# labeling



## KandCfamilyfarm (Nov 4, 2017)

I am trying to find a cheap place to get product labels for my sausage?


----------



## Evons hubby (Oct 3, 2005)

Check with your local print shops.


----------



## KandCfamilyfarm (Nov 4, 2017)

I did they want to charge a extra $40 per color plus normal fees. So I am fishing around checking to see what others pay for what?


----------



## Alice In TX/MO (May 10, 2002)

Dont do fancy colors.


----------



## hiddensprings (Aug 6, 2009)

Wen I first started needing labels, I just bought blank labels and printed them on my home printer. Simple enough to design something appealing to the eye. As my business grew, I used Uprinting, Lightening labels, and another that escapes my mind at the moment.

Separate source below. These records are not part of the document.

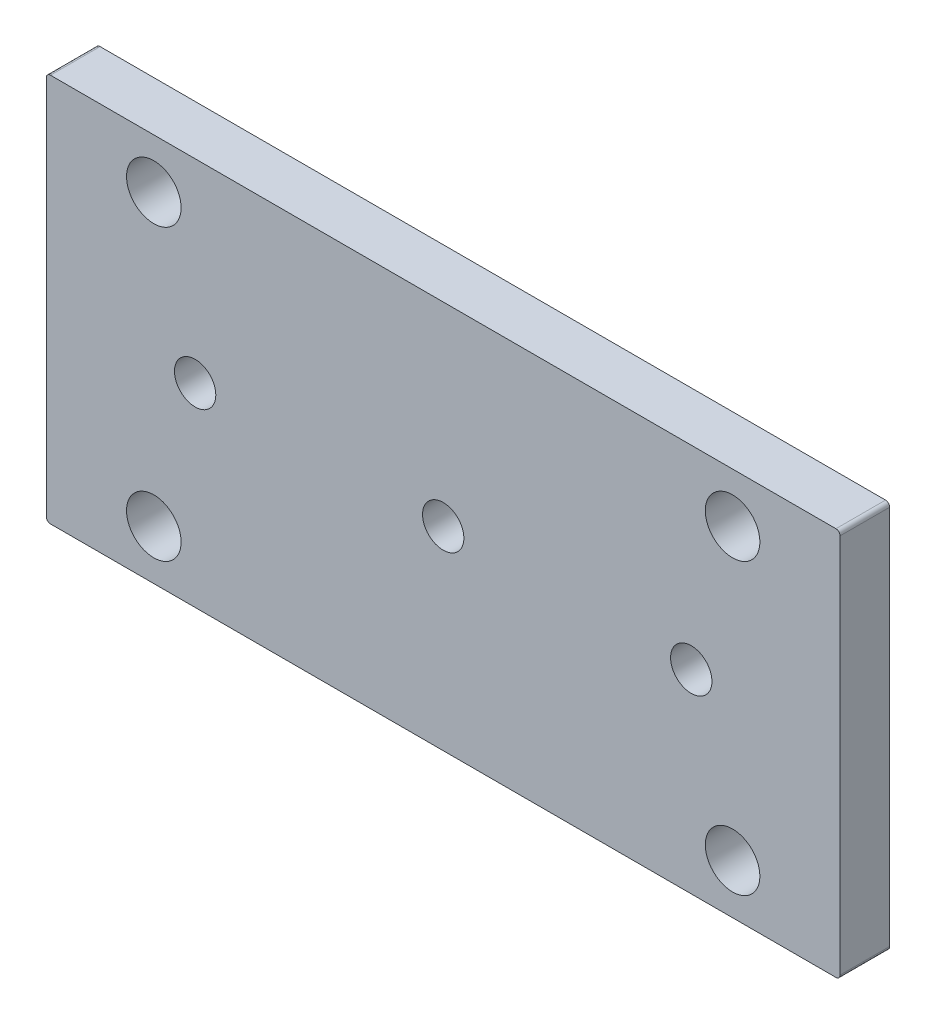
SolidWorks part; units mm, degrees
ref_plane "前视基准面" through (0, 0, 0) normal (0, 0, 1) x (1, 0, 0)
ref_plane "上视基准面" through (0, 0, 0) normal (0, 1, 0) x (1, 0, 0)
ref_plane "右视基准面" through (0, 0, 0) normal (1, 0, 0) x (0, 0, -1)
other "Configuration Table"
sketch "草图1" plane through (0, 0, 0) normal (0, 0, 1) x (1, 0, 0)
  line L0 (0, 0) -> (96, 0)
  line L1 (96, 0) -> (96, -47)
  line L2 (96, -47) -> (0, -47)
  line L3 (0, -47) -> (0, 0)
  dimension "D1" = 96
  dimension "D2" = 47
extrude "凸台-拉伸1" add sketch "草图1" along normal blind 6
sketch "草图2" plane through (0, 0, 6) normal (0, 0, 1) x (1, 0, 0)
  line L0 (96, -23.5) -> (0, -23.5)
  line L1 (96, -47) -> (96, 0) construction
  line L2 (0, 0) -> (0, -47) construction
  line L3 (48, 0) -> (48, -47)
  line L4 (96, 0) -> (0, 0) construction
  line L5 (0, -47) -> (96, -47) construction
  line L6 (48, -23.5) -> (48, -12)
  circle A0 centre (83, -6) radius 3.3
  circle A1 centre (83, -41) radius 3.3
  circle A2 centre (13, -41) radius 3.3
  circle A3 centre (13, -6) radius 3.3
  circle A5 centre (48, -23.5) radius 3
  circle A6 centre (78, -23.5) radius 3
  circle A7 centre (18, -23.5) radius 3
  dimension "D1" = 35
  dimension "D3" = 30
  dimension "D4" = 30
  dimension "D2" = 17.5
extrude "切除-拉伸1" cut sketch "草图2" against normal blind 10 contours A0 | A1 | A2 | A3
hole_wizard "M6 螺纹孔2" positions "草图15" profile "草图16" tap size "M6" standard "GB" end condition through all
sketch "草图15" plane through (0, 0, 6) normal (0, 0, 1) x (1, 0, 0)
  point P0 (18, -23.5)
  point P3 (48, -23.5)
  point P6 (78, -23.5)
cosmetic thread "孔螺蚊线5" parameters "D2"=6
cosmetic thread "孔螺蚊线6" parameters "D2"=6
cosmetic thread "孔螺蚊线7" parameters "D2"=6
sketch "草图16" plane through (18, -23.5, 6) normal (1, 0, 0) x (0, -1, 0)
  line L0 (0, 0) -> (0, 6)
  line L1 (0, 6) -> (2.5, 6)
  line L2 (2.5, 6) -> (2.5, 0)
  line L5 (2.5, 0) -> (0, 0)
  line L11 (0, -6.35) -> (0, 107.95) construction
  dimension "通孔螺纹孔钻头直径" = 5
  dimension "通孔螺纹孔钻头深度" = 6
fillet "圆角1" radius 0.5 4 edges at (0, 0, 3) (96, 0, 3) (96, -47, 3) (0, -47, 3)

You can design labels on www.avery.com and print them at home. You don’t really get cheap custom labels until you are buying them in bulk.


----------



## GTX63 (Dec 13, 2016)

If you are selling them yourself, you don't need color. Black and white, simple and straightforward.
If you are on a store shelf competing with other products, black and red and then blue.
There are amish meats and cheeses sold at a store local to our daughter. Very simple packaging. If it looked fancy I might question if it were authentic.


----------